1. Field of the invention
The present invention relates to DNA sequences encoding an E6 or E7 fusion protein of HPV, wherein said DNA sequences are characterized by a combination of the following features: original codons are exchanged by codons which lead to an enhanced translation in a mammalian cell, they contain a deletion resulting in the production of a truncated non-functional protein, and they encode a fusion partner which is a highly immunogenic polypeptide capable of enhancing the immunogenicity of the E6- or E7-protein in the mammalian host. Furthermore, this invention relates to the modified E6- or E7-protein encoded by said DNA sequences as well as expression vectors containing said DNA sequences. Finally, the present invention relates to several uses of the above compounds, particularly as effective vaccines useful in treatment or prevention of an HPV infection or a neoplasm associated with HPV infection.
2. Description of Related Art
Carcinoma of the uterine cervix (cervical cancer, CC) is the second most common cancer in women worldwide and the first in developing countries. CC develops through premalignant intermediate stages of increasing severity known as cervical intraepithelial neoplasia (CIN) grades 1-3, the latter leading to the development of invasive cancer in about 50% of cases over a period of 1-2 decades. More than 11% of the global cancer incidence in women is due to human papillomavirus (HPV) infections. Infection with HPV types 16 and 18 has been associated with the development of CIN and CC, with HPV genotype 16 being the most prevalent viral type to infect the cervix. The E6 and E7 proteins encoded by these HPV types are thought to be involved in the pathogenesis of CC by inducing abnormal cell proliferation. Expression of E6 and E7 is consistently detected in tissue and tumor cells from HPV-associated CCs. Furthermore, the E6 and E7 genes from HPV types 16 and 18 are sufficient for transformation of epithelial cells in culture (zur Hausen, Biochim. Biophys. Acta 1288(2) (1996): F55-78).

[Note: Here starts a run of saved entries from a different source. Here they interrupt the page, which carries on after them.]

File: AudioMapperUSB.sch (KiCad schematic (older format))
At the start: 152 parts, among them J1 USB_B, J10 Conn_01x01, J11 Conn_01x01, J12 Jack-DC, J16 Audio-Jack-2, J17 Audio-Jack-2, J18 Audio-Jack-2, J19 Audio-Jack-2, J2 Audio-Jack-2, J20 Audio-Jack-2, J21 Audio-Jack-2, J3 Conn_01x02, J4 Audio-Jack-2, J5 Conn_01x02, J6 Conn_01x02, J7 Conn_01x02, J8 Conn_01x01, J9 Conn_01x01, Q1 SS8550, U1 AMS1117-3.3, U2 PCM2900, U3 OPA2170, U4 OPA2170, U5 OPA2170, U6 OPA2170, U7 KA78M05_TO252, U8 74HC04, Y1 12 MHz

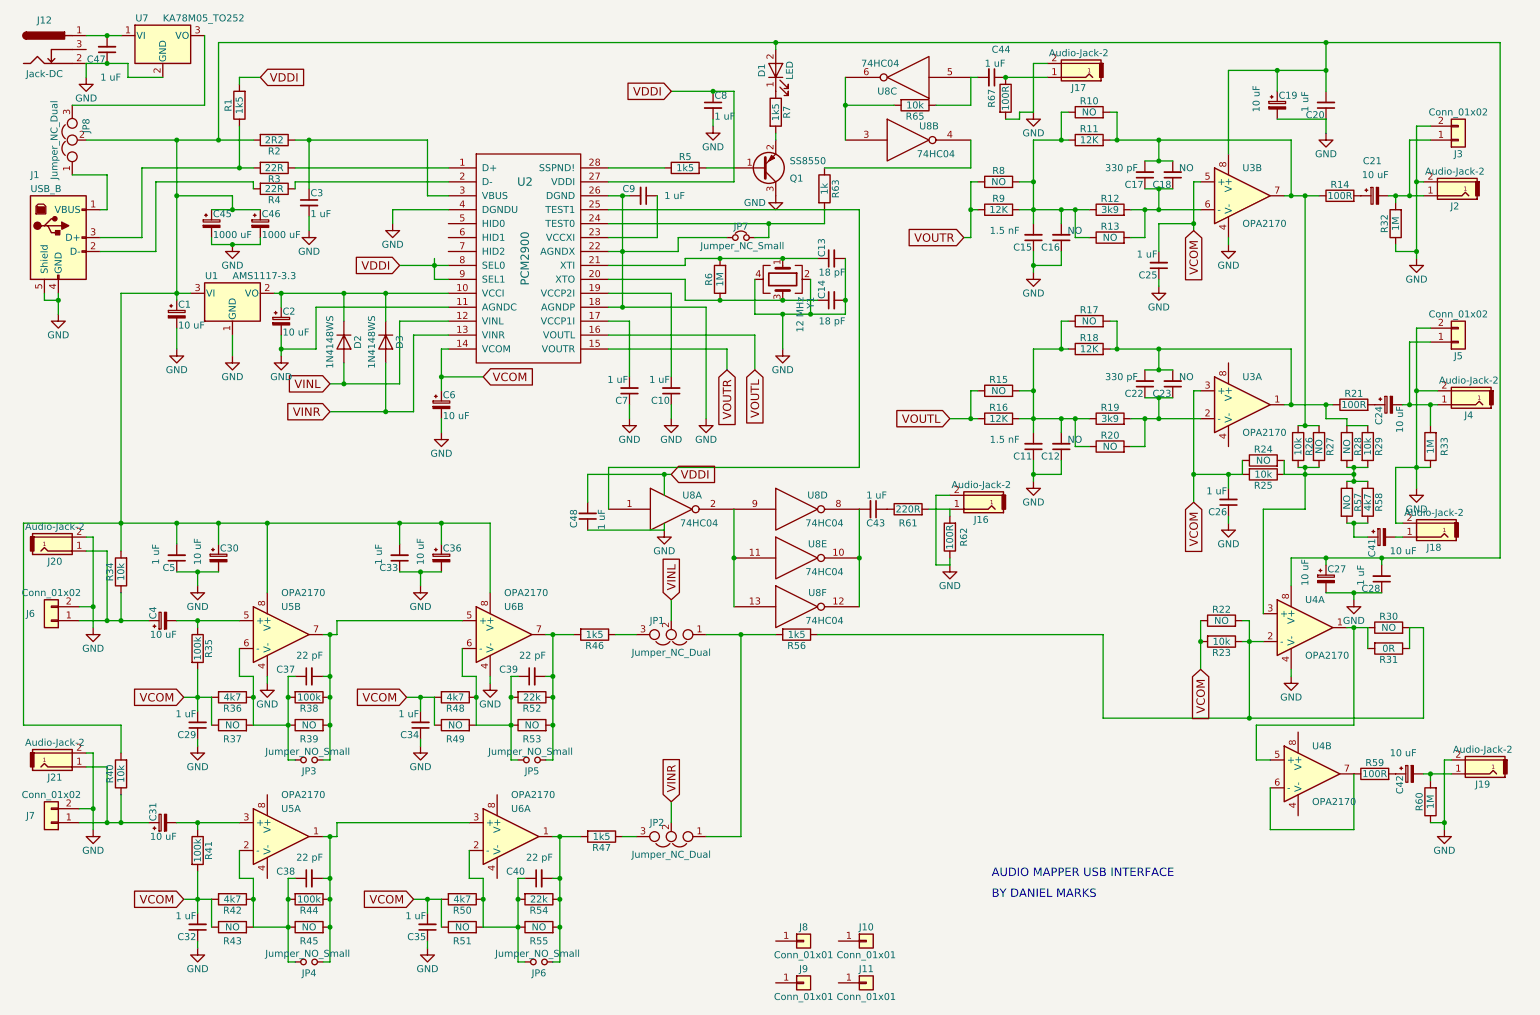
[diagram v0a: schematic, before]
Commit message: Fixed problem with VCOM leaking into input audio
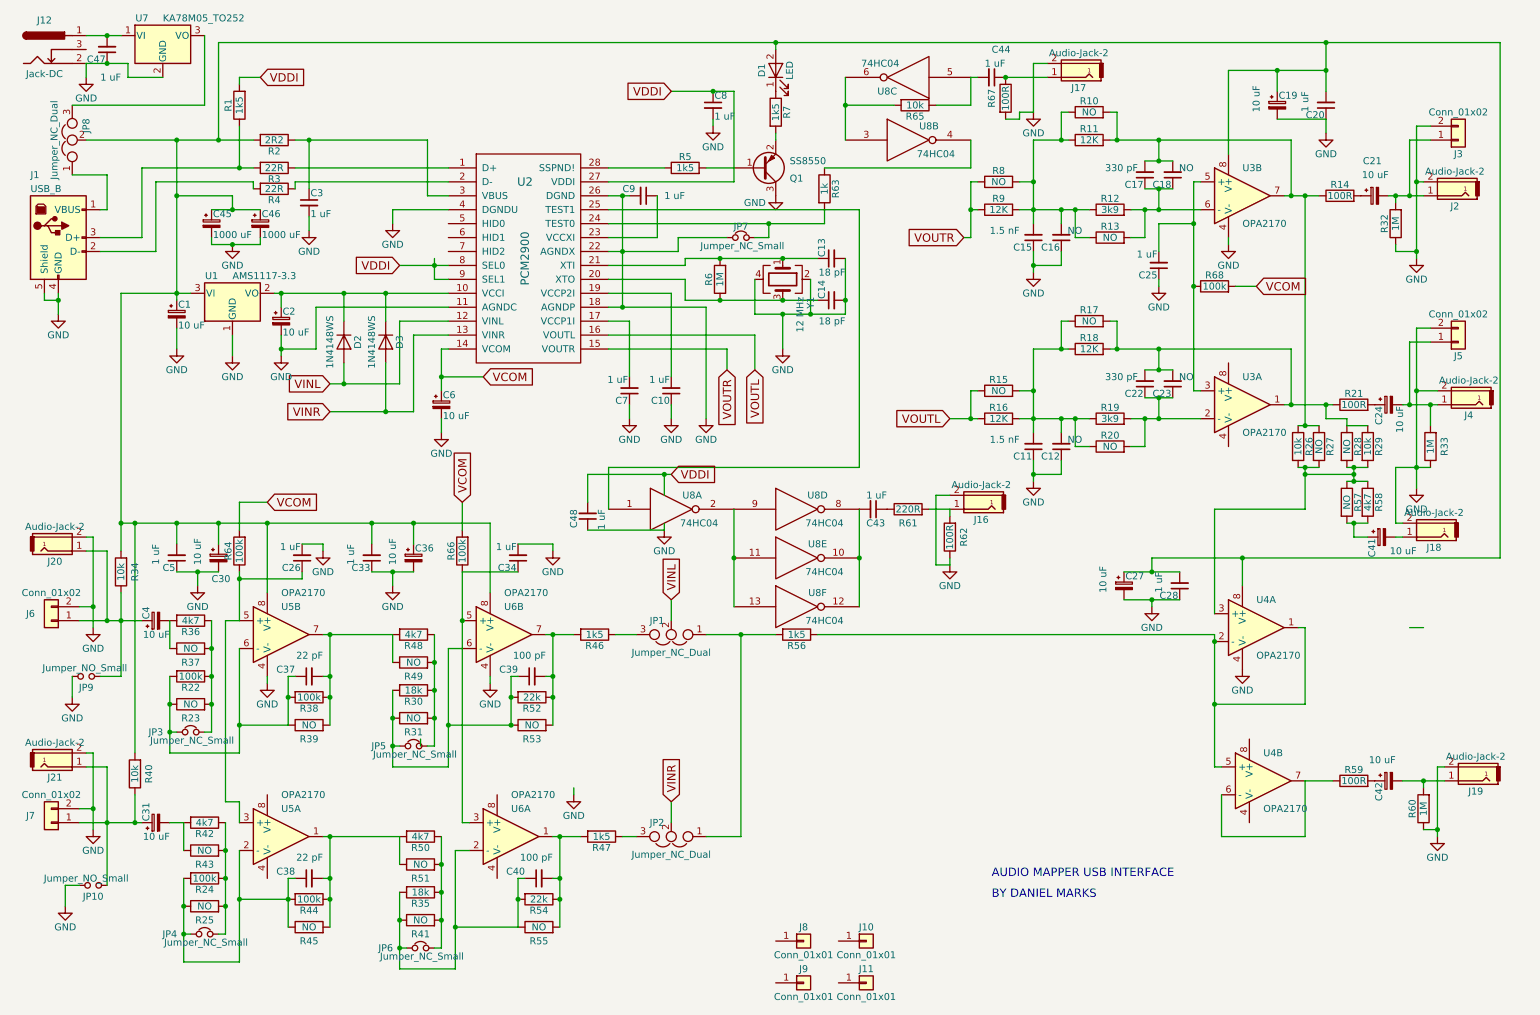
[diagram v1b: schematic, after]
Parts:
- removed C29, C32, C35: 1 uF, Capacitors_SMD:C_0805_HandSoldering, symbol C_Small
- removed JP3, JP4, JP5, JP6: Jumper_NO_Small, Pin_Headers:Pin_Header_Straight_1x02_Pitch2.54mm, symbol Jumper_NO_Small
- added JP10, JP9: Jumper_NO_Small, Pin_Headers:Pin_Header_Straight_1x02_Pitch2.54mm, symbol Jumper_NO_Small
- added JP3, JP4, JP5, JP6: Jumper_NC_Small, Pin_Headers:Pin_Header_Straight_1x02_Pitch2.54mm, symbol Jumper_NC_Small
- added R64, R66, R68: 100k, Resistors_SMD:R_0805_HandSoldering, symbol R
- C39, C40: value 22 pF -> 100 pF; LCSC C1804 -> C1790
- R22, R24: value NO -> 100k; footprint Resistors_THT:R_Axial_DIN0207_L6.3mm_D2.5mm_P7.62mm_Horizontal -> Resistors_SMD:R_0805_HandSoldering; LCSC (none) -> C17407
- R23, R25: value 10k -> NO; footprint Resistors_SMD:R_0805_HandSoldering -> Resistors_THT:R_Axial_DIN0207_L6.3mm_D2.5mm_P7.62mm_Horizontal; LCSC C17414 -> (none)
- R30: value NO -> 18k; footprint Resistors_THT:R_Axial_DIN0207_L6.3mm_D2.5mm_P7.62mm_Horizontal -> Resistors_SMD:R_0805_HandSoldering; LCSC (none) -> C17506
- R31: value 0R -> NO; footprint Resistors_SMD:R_0805_HandSoldering -> Resistors_THT:R_Axial_DIN0207_L6.3mm_D2.5mm_P7.62mm_Horizontal; LCSC C17477 -> (none)
- R35: value 100k -> 18k; LCSC C17407 -> C17506
- R41: value 100k -> NO; footprint Resistors_SMD:R_0805_HandSoldering -> Resistors_THT:R_Axial_DIN0207_L6.3mm_D2.5mm_P7.62mm_Horizontal; LCSC C17407 -> (none)
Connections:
- net GND: now also C26.2, C34.2, JP10.2, JP9.2; no longer C26.1, C34.1
- net VCOM: now also R64.2, R66.2, R68.2; no longer C25.2, C26.2, C34.2, R22.1, R23.2, R24.1, R25.2, R35.2, R36.2, R37.1, R41.2, R42.2, R43.1, R48.2, R49.1, R50.2, R51.1, U3.3 (+), U3.5 (+)
- net at C4.1, J20.1, J6.1 (Pin_1)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: now also JP9.1
- net at U4.1, U4.5 (+): now also R56.1, U4.2 (-); no longer R30.1, R31.2
- net at R26.2, R27.2, R28.2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: no longer R24.2, R25.1
- net at C37.1, R38.2, R39.1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: now also R22.2, R23.1, JP3.1; no longer R36.1, R37.2
- net at C37.2, R38.1, R39.2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: now also R48.2, R49.1; no longer U6.5 (+)
- net at C31.1, J21.1, J7.1 (Pin_1)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: now also JP10.1
- net at C38.2, R44.1, R45.2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: now also R50.2, R51.1; no longer U6.3 (+)
- net at C38.1, R44.2, R45.1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: now also R24.2, R25.1, JP4.1; no longer R42.1, R43.2
- net at C40.1, R54.2, R55.1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: now also R35.2, R41.1, JP6.1; no longer R50.1, R51.2
- net at C39.1, R52.2, R53.1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: now also R30.2, R31.1, JP5.1; no longer R48.1, R49.2
- new net: C4.2, R36.2, R37.1
- new net: C25.2, R68.1, U3.3 (+), U3.5 (+)
- new net: C26.1, R64.1, U5.3 (+), U5.5 (+)
- new net: JP3.2, R22.1, R23.2, R36.1, R37.2
- new net: C31.2, R42.2, R43.1
- new net: JP4.2, R24.1, R25.2, R42.1, R43.2
- new net: C34.1, R66.1, U6.3 (+), U6.5 (+)
- new net: JP5.2, R30.1, R31.2, R48.1, R49.2
- new net: JP6.2, R35.1, R41.2, R50.1, R51.2
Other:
- moved on the sheet: C27, C28, C31, C33, C34, C36, C4, C42, J19, R36, R37, R40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

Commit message: Added isolation between phantom power in mic channels
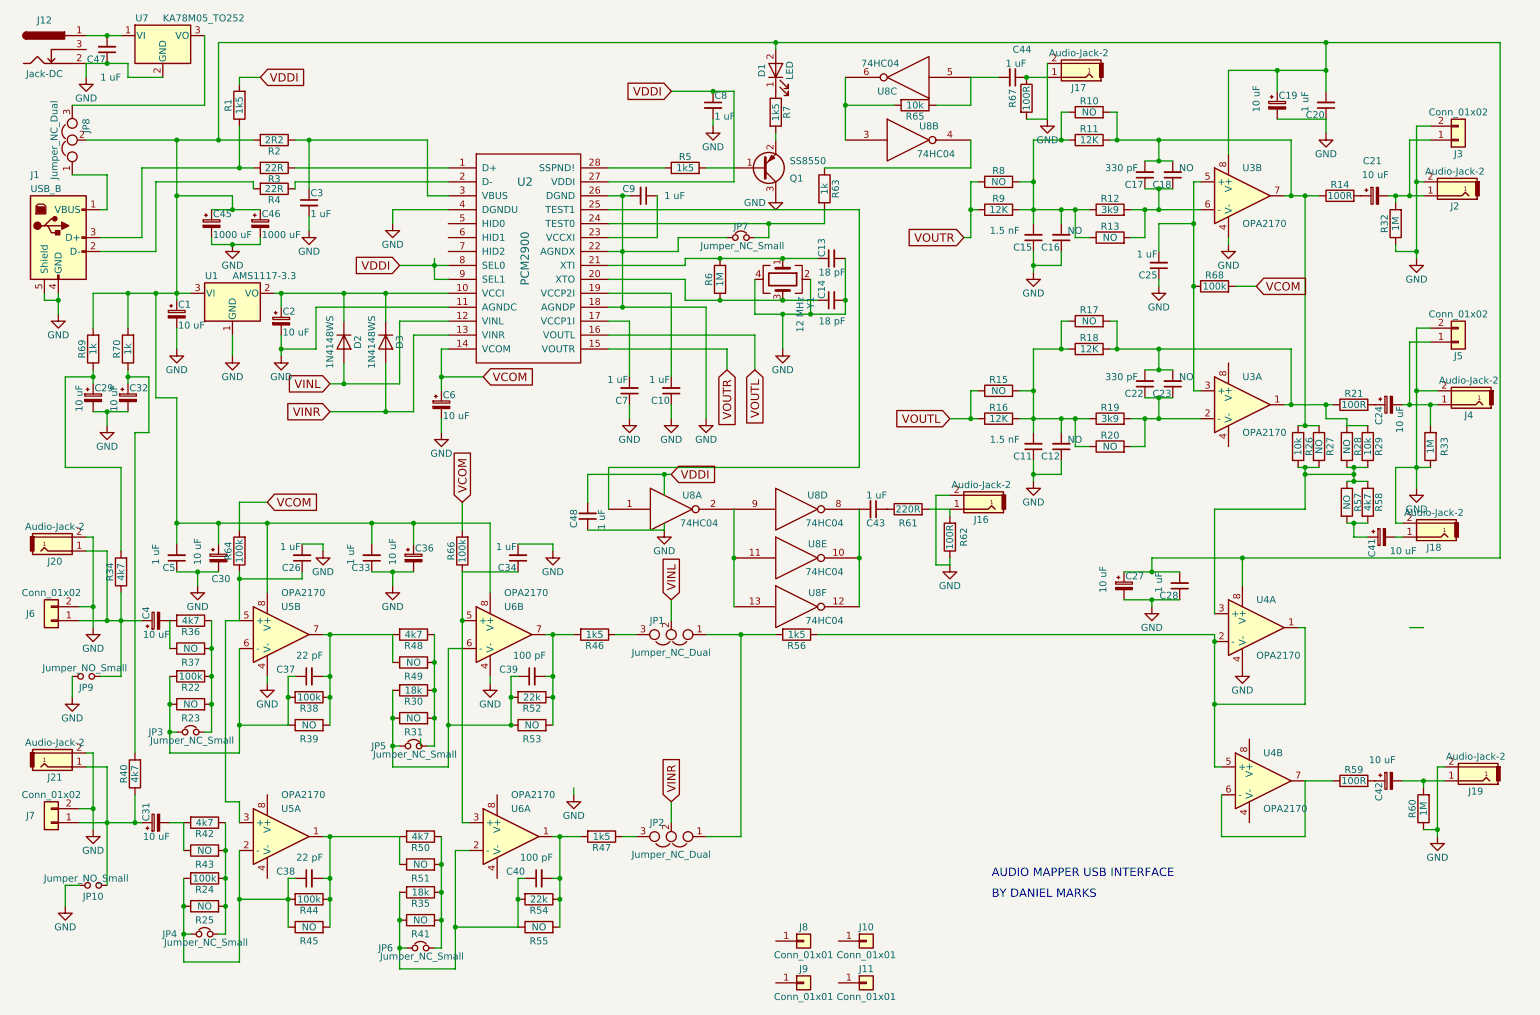
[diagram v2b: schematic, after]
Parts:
- added C29, C32: 10 uF, AudioMapperUSB:CP_1206_HandSoldering, symbol CP_Small
- added R69, R70: 1k, Resistors_SMD:R_0805_HandSoldering, symbol R
- R34, R40: value 10k -> 4k7; LCSC C17414 -> C17673
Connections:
- net GND: now also C29.2, C32.2
- net at C1.1, C19.1, C20.2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: now also R69.2, R70.2; no longer R34.2, R40.2
- new net: C29.1, R34.2, R69.1
- new net: C32.1, R40.2, R70.1
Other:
- moved on the sheet: C44, R67

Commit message: JLCPCB order 2021-01-31
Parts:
- added J13, J14: Conn_01x02, Connectors_Terminal_Blocks:TerminalBlock_bornier-2_P5.08mm, symbol Conn_01x02
- R34, R40: value 4k7 -> 10k; LCSC C17673 -> C17414
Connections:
- net GND: now also J13.2 (Pin_2), J14.2 (Pin_2)
- net at C41.2, J18.1: now also J13.1 (Pin_1)
- net at C42.2, J19.1, R60.2: now also J14.1 (Pin_1)
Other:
- moved on the sheet: C41
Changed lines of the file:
@@
 $EndComp
 $Comp
-L GND #PWR38
+L GND #PWR40
 U 1 1 5FEA8AA4
 P 10500 2250
-F 0 "#PWR38" H 10500 2000 50  0001 C CNN
+F 0 "#PWR40" H 10500 2000 50  0001 C CNN
 F 1 "GND" H 10500 2100 50  0000 C CNN
 F 2 "" H 10500 2250 50  0001 C CNN
@@
 $EndComp
 $Comp
-L GND #PWR39
+L GND #PWR41
 U 1 1 5FEA29F4
 P 10500 3900
-F 0 "#PWR39" H 10500 3650 50  0001 C CNN
+F 0 "#PWR41" H 10500 3650 50  0001 C CNN
 F 1 "GND" H 10500 3750 50  0000 C CNN
 F 2 "" H 10500 3900 50  0001 C CNN
@@
 $EndComp
 $Comp
-L GND #PWR40
+L GND #PWR42
 U 1 1 5FEF7E44
 P 10650 6400
-F 0 "#PWR40" H 10650 6150 50  0001 C CNN
+F 0 "#PWR42" H 10650 6150 50  0001 C CNN
 F 1 "GND" H 10650 6250 50  0000 C CNN
 F 2 "" H 10650 6400 50  0001 C CNN
@@
 L CP_Small C41
 U 1 1 5FEF86D3
-P 10250 4250
-F 0 "C41" H 10260 4320 50  0000 L CNN
-F 1 "10 uF" V 10350 4000 50  0000 L CNN
-F 2 "AudioMapperUSB:CP_1206_HandSoldering" H 10250 4250 50  0001 C CNN
-F 3 "" H 10250 4250 50  0001 C CNN
-F 4 " C7171" H 10250 4250 60  0001 C CNN "LCSC"
-	1    10250 4250
+P 10150 4250
+F 0 "C41" H 10160 4320 50  0000 L CNN
+F 1 "10 uF" V 10250 4000 50  0000 L CNN
+F 2 "AudioMapperUSB:CP_1206_HandSoldering" H 10150 4250 50  0001 C CNN
+F 3 "" H 10150 4250 50  0001 C CNN
+F 4 " C7171" H 10150 4250 60  0001 C CNN "LCSC"
+	1    10150 4250
 	0    -1   1    0
 $EndComp
@@
 $EndComp
 $Comp
-L GND #PWR21
-U 1 1 600BC99E
-P 4450 6100
-F 0 "#PWR21" H 4450 5850 50  0001 C CNN
-F 1 "GND" H 4450 5950 50  0000 C CNN
-F 2 "" H 4450 6100 50  0001 C CNN
-F 3 "" H 4450 6100 50  0001 C CNN
-	1    4450 6100
-	1    0    0    -1
-$EndComp
-$Comp
 L R R64
 U 1 1 600BFCA3
@@
 P 1200 4500
 F 0 "R34" V 1280 4500 50  0000 C CNN
-F 1 "4k7" V 1200 4500 50  0000 C CNN
+F 1 "10k" V 1200 4500 50  0000 C CNN
 F 2 "Resistors_SMD:R_0805_HandSoldering" V 1130 4500 50  0001 C CNN
 F 3 "" H 1200 4500 50  0001 C CNN
-F 4 "C17673" V 1200 4500 60  0001 C CNN "LCSC"
+F 4 "C17414" V 1200 4500 60  0001 C CNN "LCSC"
 	1    1200 4500
 	-1   0    0    1
@@
 P 1300 5950
 F 0 "R40" V 1380 5950 50  0000 C CNN
-F 1 "4k7" V 1300 5950 50  0000 C CNN
+F 1 "10k" V 1300 5950 50  0000 C CNN
 F 2 "Resistors_SMD:R_0805_HandSoldering" V 1230 5950 50  0001 C CNN
 F 3 "" H 1300 5950 50  0001 C CNN
-F 4 "C17673" V 1300 5950 60  0001 C CNN "LCSC"
+F 4 "C17414" V 1300 5950 60  0001 C CNN "LCSC"
 	1    1300 5950
 	-1   0    0    1
@@
 	10550 6350 10650 6350
 Wire Wire Line
-	10150 4250 10050 4250
-Wire Wire Line
-	10400 4250 10350 4250
+	10050 4250 10050 4250
+Wire Wire Line
+	10400 4250 10250 4250
 Wire Wire Line
 	10650 5900 10700 5900
@@
 Connection ~ 8600 4700
 Wire Wire Line
-	9600 5200 9600 5200
-Wire Wire Line
 	8600 4400 11100 4400
 Wire Wire Line
@@
 	9700 3800 10050 3800
 Connection ~ 10050 3750
-Wire Wire Line
-	10550 4900 10450 4900
 Wire Wire Line
 	11100 4400 11100 700
@@
 	800  6750 900  6750
 Wire Wire Line
-	10550 6000 10550 6050
+	10550 5450 10550 6050
 Wire Wire Line
 	2050 6150 2050 6300
@@
 Connection ~ 1650 6900
 Wire Wire Line
-	2050 7300 1650 7300
-Wire Wire Line
-	2050 6500 2050 7300
+	1650 7300 2050 7300
+Wire Wire Line
+	2050 7300 2050 6500
 Connection ~ 1650 7100
 Wire Wire Line
@@
 Connection ~ 3600 7050
 Wire Wire Line
-	4450 6100 4450 6050
-Wire Wire Line
 	2050 4500 2050 4850
 Wire Wire Line
@@
 Wire Wire Line
 	7500 950  7300 950
+$Comp
+L Conn_01x02 J13
+U 1 1 601760B1
+P 10700 4750
+F 0 "J13" H 10700 4850 50  0000 C CNN
+F 1 "Conn_01x02" H 10700 4550 50  0000 C CNN
+F 2 "Connectors_Terminal_Blocks:TerminalBlock_bornier-2_P5.08mm" H 10700 4750 50  0001 C CNN
+F 3 "" H 10700 4750 50  0001 C CNN
+	1    10700 4750
+	1    0    0    1
+$EndComp
+$Comp
+L GND #PWR39
+U 1 1 6017676B
+P 10350 4850
+F 0 "#PWR39" H 10350 4600 50  0001 C CNN
+F 1 "GND" H 10350 4700 50  0000 C CNN
+F 2 "" H 10350 4850 50  0001 C CNN
+F 3 "" H 10350 4850 50  0001 C CNN
+	1    10350 4850
+	1    0    0    -1
+$EndComp
+Wire Wire Line
+	10350 4850 10350 4650
+Wire Wire Line
+	10350 4650 10500 4650
+Wire Wire Line
+	10500 4750 10400 4750
+Wire Wire Line
+	10400 4750 10400 4250
+$Comp
+L Conn_01x02 J14
+U 1 1 6017710A
+P 11050 5450
+F 0 "J14" H 11050 5550 50  0000 C CNN
+F 1 "Conn_01x02" H 11050 5250 50  0000 C CNN
+F 2 "Connectors_Terminal_Blocks:TerminalBlock_bornier-2_P5.08mm" H 11050 5450 50  0001 C CNN
+F 3 "" H 11050 5450 50  0001 C CNN
+	1    11050 5450
+	1    0    0    1
+$EndComp
+$Comp
+L GND #PWR38
+U 1 1 6017771D
+P 10250 5600
+F 0 "#PWR38" H 10250 5350 50  0001 C CNN
+F 1 "GND" H 10250 5450 50  0000 C CNN
+F 2 "" H 10250 5600 50  0001 C CNN
+F 3 "" H 10250 5600 50  0001 C CNN
+	1    10250 5600
+	1    0    0    -1
+$EndComp
+Wire Wire Line
+	10250 5600 10250 5350
+Wire Wire Line
+	10250 5350 10850 5350
+Wire Wire Line
+	10550 5450 10850 5450
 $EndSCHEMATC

There is increasing evidence that the E6 and E7 proteins encoded by HPV types 16 and 18 may be effective immunological targets for tumor rejection by the host. Efforts are being made to develop effective preventive and therapeutic vaccines which may be useful in treatment and prevention of a neoplasm associated to HPV. The different strategies employed so far for inducing an immune responses to proteins of the HPV types 16 and 18 are: (a) Use of synthetic antigenic peptides, (b) Use of recombinant microorganisms (recombinant bacille Calmette-Guerin; BCG), (c) use of DNA vaccines using wild-type viral genes and (d) use of Virus-like particles (VLPs).
However, unfortunately, the above strategies exhibit a variety of disadvantages which so far have hampered the development of a safe and efficient vaccine. As regards the use of synthetic antigenic peptides it has to be stressed that the identification of HPV specific, immunoreactive peptides is very complex. It requires large numbers and quantities of peptides for vaccines to be effective and of a broad spectrum. Moreover, synthetic peptides do not contain posttranslational modifications (e.g., glycosylation, sulfation, phosphorylation) normally found in native proteins and therefore are not efficient enough as vaccines. The BCG based vaccine delivery systems expressing the L1 late protein of HPV 6b or the E7 early protein of HPV 16 have been used as immunogens. However, the immune responses obtained with these systems was even less than those elicited by protein/adjuvant vaccines and, thus, this system is considered unlikely to be useful as a single component vaccine strategy. As regards DNA vaccines it has been observed that the expression of wild-type HPV genes is quite low, even if they are expressed from strong promoters, such as that of the cytomegalovirus (CMV). As regards the use of Virus-like particles (VLPs) it has to be mentioned that true VLPs are made of the L1 (capsid) protein of a specific HPV type. Therefore, they may be only useful as prophylactic rather than as therapeutic vaccines, if ever. Pseudotyped VLPs containing, for instance, epitopes of HPV-16 E7 have also been described and may be useful as prophylactic and therapeutic vaccines. However, an important limitation is that VLPs are produced in insect cells or in yeast. So far, no suitable production systems in mammalian cells have been established. Therefore critical epitopes depending on posttranslational modifications which take place in human cells are lost in these systems.